A savings account is a relatively stable business concept, so which of the simple decrease and complex withdraw can better match the stability of the savingaccount?

• Decrease is very stable. It involves only mathematical addition and subtraction operations.
• However, withdraw is more likely to change. Changes in infrastructure error handling or rules such as withdrawal quotas will lead to changes in withdrawals.

The data model is relatively stable, so here we choose to use savingaccount to express the data model. There is only a simple data operation method such as decease.

Class savingaccount

{

Private amount balance;

Void decrease (amount) {balance-= amount ;}

Void increase (amount) {balance + = amount ;}

}

 

Role + Interaction

So the question is, where is the real transfer operation transfer? The answer to DCI is explicit modeling,Interaction

Interaction naturally involves role. In fact, a role is defined by a specific interaction. if you do not want to teach, the title of teacher is meaningless. if you do not talk to the customer, the role Ba does not make any sense. in other words, as long as you are doing business analysis and demand analysis, you are BA at this moment.

So what role does transfer involve? Source account and destination account.

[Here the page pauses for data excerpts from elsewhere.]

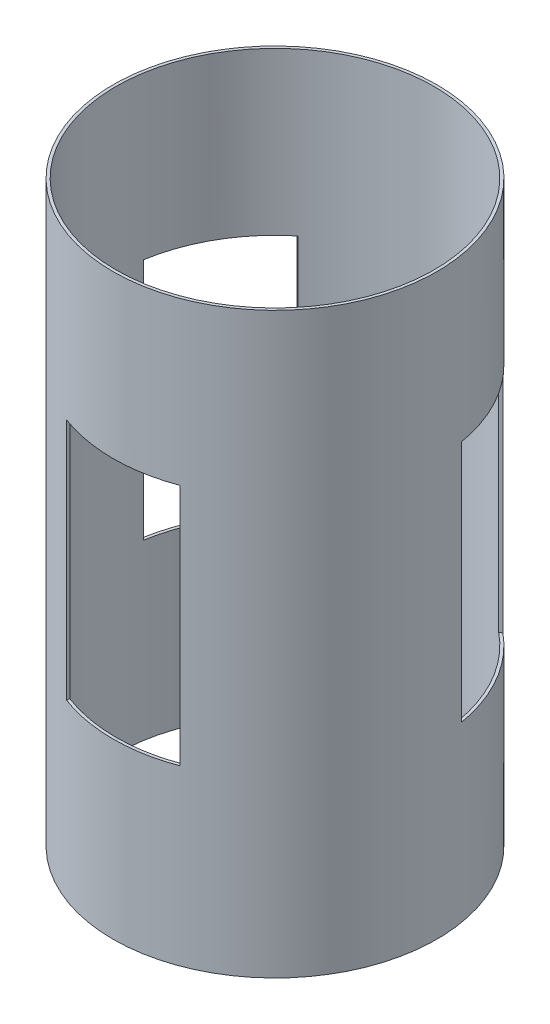
ISO-10303-21;
HEADER;
FILE_DESCRIPTION(('STEP AP214'),'2;1');
FILE_NAME('part.step','',(''),(''),'','','');
FILE_SCHEMA(('AUTOMOTIVE_DESIGN { 1 0 10303 214 1 1 1 1 }'));
ENDSEC;
DATA;
#1=APPLICATION_CONTEXT('core data for automotive mechanical design processes');
#2=APPLICATION_PROTOCOL_DEFINITION('international standard','automotive_design',2000,#1);
#3=PRODUCT_CONTEXT('',#1,'mechanical');
#4=PRODUCT('Part','Part','',(#3));
#5=PRODUCT_RELATED_PRODUCT_CATEGORY('part','',(#4));
#6=PRODUCT_DEFINITION_FORMATION('','',#4);
#7=PRODUCT_DEFINITION_CONTEXT('part definition',#1,'design');
#8=PRODUCT_DEFINITION('design','',#6,#7);
#9=PRODUCT_DEFINITION_SHAPE('','',#8);
#10=(LENGTH_UNIT() NAMED_UNIT(*) SI_UNIT(.MILLI.,.METRE.));
#11=(NAMED_UNIT(*) PLANE_ANGLE_UNIT() SI_UNIT($,.RADIAN.));
#12=(NAMED_UNIT(*) SI_UNIT($,.STERADIAN.) SOLID_ANGLE_UNIT());
#13=UNCERTAINTY_MEASURE_WITH_UNIT(LENGTH_MEASURE(1.E-05),#10,'distance_accuracy_value','');
#14=(GEOMETRIC_REPRESENTATION_CONTEXT(3) GLOBAL_UNCERTAINTY_ASSIGNED_CONTEXT((#13)) GLOBAL_UNIT_ASSIGNED_CONTEXT((#10,
#11,#12)) REPRESENTATION_CONTEXT('',''));
#15=CARTESIAN_POINT('',(0.,0.,0.));
#16=DIRECTION('',(0.,0.,1.));
#17=DIRECTION('',(1.,0.,0.));
#18=AXIS2_PLACEMENT_3D('',#15,#16,#17);
#19=CARTESIAN_POINT('',(0.,105.,0.));
#20=DIRECTION('',(0.,1.,0.));
#21=DIRECTION('',(0.,0.,1.));
#22=AXIS2_PLACEMENT_3D('',#19,#20,#21);
#23=PLANE('',#22);
#24=DIRECTION('',(0.866025403784442,0.,0.499999999999995));
#25=VECTOR('',#24,1.);
#26=CARTESIAN_POINT('',(12.2359582847371,105.,-21.1933014284583));
#27=LINE('',#26,#25);
#28=CARTESIAN_POINT('',(-44.56055546886,105.,-53.9847839331293));
#29=VERTEX_POINT('',#28);
#30=CARTESIAN_POINT('',(-43.4036485575343,105.,-53.3168434164482));
#31=VERTEX_POINT('',#30);
#32=EDGE_CURVE('E254',#29,#31,#27,.T.);
#33=ORIENTED_EDGE('',*,*,#32,.T.);
#34=CARTESIAN_POINT('',(0.,105.,0.));
#35=DIRECTION('',(0.,1.,0.));
#36=DIRECTION('',(0.,0.,1.));
#37=AXIS2_PLACEMENT_3D('',#34,#35,#36);
#38=CIRCLE('',#37,68.75);
#39=CARTESIAN_POINT('',(-67.8755651270083,105.,-10.9302405595327));
#40=VERTEX_POINT('',#39);
#41=EDGE_CURVE('E165',#31,#40,#38,.T.);
#42=ORIENTED_EDGE('',*,*,#41,.T.);
#43=DIRECTION('',(0.86602540378444,0.,0.499999999999999));
#44=VECTOR('',#43,1.);
#45=CARTESIAN_POINT('',(-12.2359582847368,105.,21.1933014284576));
#46=LINE('',#45,#44);
#47=CARTESIAN_POINT('',(-69.0324720383339,105.,-11.5981810762138));
#48=VERTEX_POINT('',#47);
#49=EDGE_CURVE('E213',#48,#40,#46,.T.);
#50=ORIENTED_EDGE('',*,*,#49,.F.);
#51=CARTESIAN_POINT('',(0.,105.,0.));
#52=DIRECTION('',(0.,1.,0.));
#53=DIRECTION('',(0.,0.,1.));
#54=AXIS2_PLACEMENT_3D('',#51,#52,#53);
#55=CIRCLE('',#54,70.);
#56=EDGE_CURVE('E66',#29,#48,#55,.T.);
#57=ORIENTED_EDGE('',*,*,#56,.F.);
#58=EDGE_LOOP('',(#33,#42,#50,#57));
#59=FACE_BOUND('',#58,.T.);
#60=ADVANCED_FACE('F50',(#59),#23,.F.);
#61=CARTESIAN_POINT('',(67.8755651270083,105.,-10.9302405595325));
#62=VERTEX_POINT('',#61);
#63=CARTESIAN_POINT('',(43.4036485575344,105.,-53.3168434164481));
#64=VERTEX_POINT('',#63);
#65=EDGE_CURVE('E204',#62,#64,#38,.T.);
#66=ORIENTED_EDGE('',*,*,#65,.T.);
#67=DIRECTION('',(-0.866025403784438,0.,0.500000000000001));
#68=VECTOR('',#67,1.);
#69=CARTESIAN_POINT('',(-12.235958284737,105.,-21.1933014284577));
#70=LINE('',#69,#68);
#71=CARTESIAN_POINT('',(44.56055546886,105.,-53.9847839331293));
#72=VERTEX_POINT('',#71);
#73=EDGE_CURVE('E74',#72,#64,#70,.T.);
#74=ORIENTED_EDGE('',*,*,#73,.F.);
#75=CARTESIAN_POINT('',(69.032472038334,105.,-11.5981810762138));
#76=VERTEX_POINT('',#75);
#77=EDGE_CURVE('E212',#76,#72,#55,.T.);
#78=ORIENTED_EDGE('',*,*,#77,.F.);
#79=DIRECTION('',(-0.866025403784427,0.,0.500000000000021));
#80=VECTOR('',#79,1.);
#81=CARTESIAN_POINT('',(12.2359582847382,105.,21.1933014284588));
#82=LINE('',#81,#80);
#83=EDGE_CURVE('E185',#76,#62,#82,.T.);
#84=ORIENTED_EDGE('',*,*,#83,.T.);
#85=EDGE_LOOP('',(#66,#74,#78,#84));
#86=FACE_BOUND('',#85,.T.);
#87=ADVANCED_FACE('F327',(#86),#23,.F.);
#88=CARTESIAN_POINT('',(-12.2359582847368,105.,21.1933014284576));
#89=DIRECTION('',(0.499999999999999,0.,-0.866025403784439));
#90=DIRECTION('',(-0.866025403784439,0.,-0.499999999999999));
#91=AXIS2_PLACEMENT_3D('',#88,#89,#90);
#92=PLANE('',#91);
#93=DIRECTION('',(0.86602540378444,0.,0.499999999999999));
#94=VECTOR('',#93,1.);
#95=CARTESIAN_POINT('',(-12.2359582847368,0.,21.1933014284576));
#96=LINE('',#95,#94);
#97=CARTESIAN_POINT('',(-69.0324720383339,0.,-11.5981810762139));
#98=VERTEX_POINT('',#97);
#99=CARTESIAN_POINT('',(-67.8755651270083,0.,-10.9302405595327));
#100=VERTEX_POINT('',#99);
#101=EDGE_CURVE('E209',#98,#100,#96,.T.);
#102=ORIENTED_EDGE('',*,*,#101,.F.);
#103=DIRECTION('',(0.,-1.,0.));
#104=VECTOR('',#103,1.);
#105=CARTESIAN_POINT('',(-69.0324720383339,105.,-11.5981810762138));
#106=LINE('',#105,#104);
#107=EDGE_CURVE('E12',#48,#98,#106,.T.);
#108=ORIENTED_EDGE('',*,*,#107,.F.);
#109=ORIENTED_EDGE('',*,*,#49,.T.);
#110=DIRECTION('',(0.,-1.,0.));
#111=VECTOR('',#110,1.);
#112=CARTESIAN_POINT('',(-67.8755651270083,105.,-10.9302405595327));
#113=LINE('',#112,#111);
#114=EDGE_CURVE('E221',#40,#100,#113,.T.);
#115=ORIENTED_EDGE('',*,*,#114,.T.);
#116=EDGE_LOOP('',(#102,#108,#109,#115));
#117=FACE_BOUND('',#116,.T.);
#118=ADVANCED_FACE('F52',(#117),#92,.T.);
#119=CARTESIAN_POINT('',(0.,105.,0.));
#120=DIRECTION('',(0.,-1.,0.));
#121=DIRECTION('',(0.,0.,-1.));
#122=AXIS2_PLACEMENT_3D('',#119,#120,#121);
#123=CYLINDRICAL_SURFACE('',#122,70.);
#124=CARTESIAN_POINT('',(0.,0.,0.));
#125=DIRECTION('',(0.,1.,0.));
#126=DIRECTION('',(0.,0.,1.));
#127=AXIS2_PLACEMENT_3D('',#124,#125,#126);
#128=CIRCLE('',#127,70.);
#129=CARTESIAN_POINT('',(-24.4719165694739,0.,65.582965009343));
#130=VERTEX_POINT('',#129);
#131=CARTESIAN_POINT('',(24.4719165694739,0.,65.582965009343));
#132=VERTEX_POINT('',#131);
#133=EDGE_CURVE('E140',#130,#132,#128,.T.);
#134=ORIENTED_EDGE('',*,*,#133,.F.);
#135=DIRECTION('',(0.,-1.,0.));
#136=VECTOR('',#135,1.);
#137=CARTESIAN_POINT('',(-24.4719165694739,105.,65.582965009343));
#138=LINE('',#137,#136);
#139=CARTESIAN_POINT('',(-24.4719165694739,105.,65.582965009343));
#140=VERTEX_POINT('',#139);
#141=EDGE_CURVE('E59',#140,#130,#138,.T.);
#142=ORIENTED_EDGE('',*,*,#141,.F.);
#143=CARTESIAN_POINT('',(24.4719165694739,105.,65.582965009343));
#144=VERTEX_POINT('',#143);
#145=EDGE_CURVE('E161',#140,#144,#55,.T.);
#146=ORIENTED_EDGE('',*,*,#145,.T.);
#147=DIRECTION('',(0.,-1.,0.));
#148=VECTOR('',#147,1.);
#149=CARTESIAN_POINT('',(24.4719165694739,105.,65.582965009343));
#150=LINE('',#149,#148);
#151=EDGE_CURVE('E157',#144,#132,#150,.T.);
#152=ORIENTED_EDGE('',*,*,#151,.T.);
#153=EDGE_LOOP('',(#134,#142,#146,#152));
#154=FACE_BOUND('',#153,.T.);
#155=CARTESIAN_POINT('',(69.032472038334,0.,-11.5981810762138));
#156=VERTEX_POINT('',#155);
#157=CARTESIAN_POINT('',(44.56055546886,0.,-53.9847839331293));
#158=VERTEX_POINT('',#157);
#159=EDGE_CURVE('E154',#156,#158,#128,.T.);
#160=ORIENTED_EDGE('',*,*,#159,.F.);
#161=DIRECTION('',(0.,-1.,0.));
#162=VECTOR('',#161,1.);
#163=CARTESIAN_POINT('',(69.032472038334,105.,-11.5981810762138));
#164=LINE('',#163,#162);
#165=EDGE_CURVE('E166',#76,#156,#164,.T.);
#166=ORIENTED_EDGE('',*,*,#165,.F.);
#167=ORIENTED_EDGE('',*,*,#77,.T.);
#168=DIRECTION('',(0.,-1.,0.));
#169=VECTOR('',#168,1.);
#170=CARTESIAN_POINT('',(44.5605554688601,105.,-53.9847839331293));
#171=LINE('',#170,#169);
#172=EDGE_CURVE('E174',#72,#158,#171,.T.);
#173=ORIENTED_EDGE('',*,*,#172,.T.);
#174=EDGE_LOOP('',(#160,#166,#167,#173));
#175=FACE_BOUND('',#174,.T.);
#176=ORIENTED_EDGE('',*,*,#107,.T.);
#177=CARTESIAN_POINT('',(-44.56055546886,0.,-53.9847839331294));
#178=VERTEX_POINT('',#177);
#179=EDGE_CURVE('E151',#178,#98,#128,.T.);
#180=ORIENTED_EDGE('',*,*,#179,.F.);
#181=DIRECTION('',(0.,-1.,0.));
#182=VECTOR('',#181,1.);
#183=CARTESIAN_POINT('',(-44.56055546886,105.,-53.9847839331294));
#184=LINE('',#183,#182);
#185=EDGE_CURVE('E182',#29,#178,#184,.T.);
#186=ORIENTED_EDGE('',*,*,#185,.F.);
#187=ORIENTED_EDGE('',*,*,#56,.T.);
#188=EDGE_LOOP('',(#176,#180,#186,#187));
#189=FACE_BOUND('',#188,.T.);
#190=CARTESIAN_POINT('',(0.,175.,0.));
#191=DIRECTION('',(0.,1.,0.));
#192=DIRECTION('',(0.,0.,1.));
#193=AXIS2_PLACEMENT_3D('',#190,#191,#192);
#194=CIRCLE('',#193,70.);
#195=CARTESIAN_POINT('',(0.,175.,70.));
#196=VERTEX_POINT('',#195);
#197=EDGE_CURVE('E205',#196,#196,#194,.T.);
#198=ORIENTED_EDGE('',*,*,#197,.F.);
#199=EDGE_LOOP('',(#198));
#200=FACE_BOUND('',#199,.T.);
#201=CARTESIAN_POINT('',(0.,-75.,0.));
#202=DIRECTION('',(0.,1.,0.));
#203=DIRECTION('',(0.,0.,1.));
#204=AXIS2_PLACEMENT_3D('',#201,#202,#203);
#205=CIRCLE('',#204,70.);
#206=CARTESIAN_POINT('',(0.,-75.,70.));
#207=VERTEX_POINT('',#206);
#208=EDGE_CURVE('E262',#207,#207,#205,.T.);
#209=ORIENTED_EDGE('',*,*,#208,.T.);
#210=EDGE_LOOP('',(#209));
#211=FACE_BOUND('',#210,.T.);
#212=ADVANCED_FACE('F158',(#154,#175,#189,#200,#211),#123,.T.);
#213=CARTESIAN_POINT('',(-24.4719165694741,105.,0.));
#214=DIRECTION('',(-1.,0.,0.));
#215=DIRECTION('',(0.,0.,1.));
#216=AXIS2_PLACEMENT_3D('',#213,#214,#215);
#217=PLANE('',#216);
#218=DIRECTION('',(0.,0.,-1.));
#219=VECTOR('',#218,1.);
#220=CARTESIAN_POINT('',(-24.4719165694741,0.,0.));
#221=LINE('',#220,#219);
#222=CARTESIAN_POINT('',(-24.4719165694739,0.,64.2470839759806));
#223=VERTEX_POINT('',#222);
#224=EDGE_CURVE('E147',#130,#223,#221,.T.);
#225=ORIENTED_EDGE('',*,*,#224,.T.);
#226=DIRECTION('',(0.,-1.,0.));
#227=VECTOR('',#226,1.);
#228=CARTESIAN_POINT('',(-24.4719165694739,105.,64.2470839759806));
#229=LINE('',#228,#227);
#230=CARTESIAN_POINT('',(-24.4719165694739,105.,64.2470839759806));
#231=VERTEX_POINT('',#230);
#232=EDGE_CURVE('E229',#231,#223,#229,.T.);
#233=ORIENTED_EDGE('',*,*,#232,.F.);
#234=DIRECTION('',(0.,0.,-1.));
#235=VECTOR('',#234,1.);
#236=CARTESIAN_POINT('',(-24.4719165694741,105.,0.));
#237=LINE('',#236,#235);
#238=EDGE_CURVE('E217',#140,#231,#237,.T.);
#239=ORIENTED_EDGE('',*,*,#238,.F.);
#240=ORIENTED_EDGE('',*,*,#141,.T.);
#241=EDGE_LOOP('',(#225,#233,#239,#240));
#242=FACE_BOUND('',#241,.T.);
#243=ADVANCED_FACE('F235',(#242),#217,.F.);
#244=CARTESIAN_POINT('',(0.,105.,0.));
#245=DIRECTION('',(0.,-1.,0.));
#246=DIRECTION('',(0.,0.,-1.));
#247=AXIS2_PLACEMENT_3D('',#244,#245,#246);
#248=CYLINDRICAL_SURFACE('',#247,68.75);
#249=ORIENTED_EDGE('',*,*,#232,.T.);
#250=CARTESIAN_POINT('',(0.,0.,0.));
#251=DIRECTION('',(0.,1.,0.));
#252=DIRECTION('',(0.,0.,1.));
#253=AXIS2_PLACEMENT_3D('',#250,#251,#252);
#254=CIRCLE('',#253,68.75);
#255=CARTESIAN_POINT('',(24.4719165694739,0.,64.2470839759806));
#256=VERTEX_POINT('',#255);
#257=EDGE_CURVE('E267',#223,#256,#254,.T.);
#258=ORIENTED_EDGE('',*,*,#257,.T.);
#259=DIRECTION('',(0.,-1.,0.));
#260=VECTOR('',#259,1.);
#261=CARTESIAN_POINT('',(24.4719165694739,105.,64.2470839759806));
#262=LINE('',#261,#260);
#263=CARTESIAN_POINT('',(24.4719165694739,105.,64.2470839759806));
#264=VERTEX_POINT('',#263);
#265=EDGE_CURVE('E171',#264,#256,#262,.T.);
#266=ORIENTED_EDGE('',*,*,#265,.F.);
#267=EDGE_CURVE('E201',#231,#264,#38,.T.);
#268=ORIENTED_EDGE('',*,*,#267,.F.);
#269=EDGE_LOOP('',(#249,#258,#266,#268));
#270=FACE_BOUND('',#269,.T.);
#271=DIRECTION('',(0.,-1.,0.));
#272=VECTOR('',#271,1.);
#273=CARTESIAN_POINT('',(67.8755651270083,105.,-10.9302405595325));
#274=LINE('',#273,#272);
#275=CARTESIAN_POINT('',(67.8755651270083,0.,-10.9302405595325));
#276=VERTEX_POINT('',#275);
#277=EDGE_CURVE('E190',#62,#276,#274,.T.);
#278=ORIENTED_EDGE('',*,*,#277,.T.);
#279=CARTESIAN_POINT('',(43.4036485575344,0.,-53.3168434164481));
#280=VERTEX_POINT('',#279);
#281=EDGE_CURVE('E152',#276,#280,#254,.T.);
#282=ORIENTED_EDGE('',*,*,#281,.T.);
#283=DIRECTION('',(0.,-1.,0.));
#284=VECTOR('',#283,1.);
#285=CARTESIAN_POINT('',(43.4036485575344,105.,-53.3168434164481));
#286=LINE('',#285,#284);
#287=EDGE_CURVE('E250',#64,#280,#286,.T.);
#288=ORIENTED_EDGE('',*,*,#287,.F.);
#289=ORIENTED_EDGE('',*,*,#65,.F.);
#290=EDGE_LOOP('',(#278,#282,#288,#289));
#291=FACE_BOUND('',#290,.T.);
#292=CARTESIAN_POINT('',(-43.4036485575343,0.,-53.3168434164482));
#293=VERTEX_POINT('',#292);
#294=EDGE_CURVE('E270',#293,#100,#254,.T.);
#295=ORIENTED_EDGE('',*,*,#294,.T.);
#296=ORIENTED_EDGE('',*,*,#114,.F.);
#297=ORIENTED_EDGE('',*,*,#41,.F.);
#298=DIRECTION('',(0.,-1.,0.));
#299=VECTOR('',#298,1.);
#300=CARTESIAN_POINT('',(-43.4036485575343,105.,-53.3168434164482));
#301=LINE('',#300,#299);
#302=EDGE_CURVE('E246',#31,#293,#301,.T.);
#303=ORIENTED_EDGE('',*,*,#302,.T.);
#304=EDGE_LOOP('',(#295,#296,#297,#303));
#305=FACE_BOUND('',#304,.T.);
#306=CARTESIAN_POINT('',(0.,175.,0.));
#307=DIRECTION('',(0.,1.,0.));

Transfer (sourceaccount source, destinationaccount destination, amount)

{

Source. decrease (amount );

Destination. Increase (amount );

...

}

 

Context

The last question: who should specify who plays what role? The answer to DCI is context.

Class transfercontext {

Void transfer (savingaccount source, savingaccount destination, amount)

{

VaR sourceaccount = cast <sourceaccount> (source );

VaR destinationaccount = cast <destinationaccount> (destination );

Transfer (sourceaccount, destinationaccount, amount); // new transferinteraction (XXX). Transfer ();

}

}

 

DCI

• Data: what the system is. (Static, structure)
• Role + Interaction: what the system does. (dynamic, behavior)
• Context: Mapping the data to role, trigger the interaction. (The Director)

 

Inference 1, split! Remove the behavior.

What? OO isn't it necessary to encapsulate data and behavior? Let's take a look at Gu. originally, oo said that data and behavior should be encapsulated. the problem solved is the hidden bugs caused by the inability to fully control data access, and the difficulties in understanding the missing concepts. however, this does not mean to encapsulate all the data and behavior without discrimination, and encapsulate the behavior involving a piece of data. in fact, we have made too many packages without careful analysis. It is time to split the data and inappropriate behavior,The principle of splitting is stability and application scenarios.

Inference 2: class methods should only operate on their own data, and method parameters should only be basic types or their own member types.

When you find that the objects of two classes interact and put the interaction on either side will violate the above principles, define an interactive class so that all three classes meet the above principles.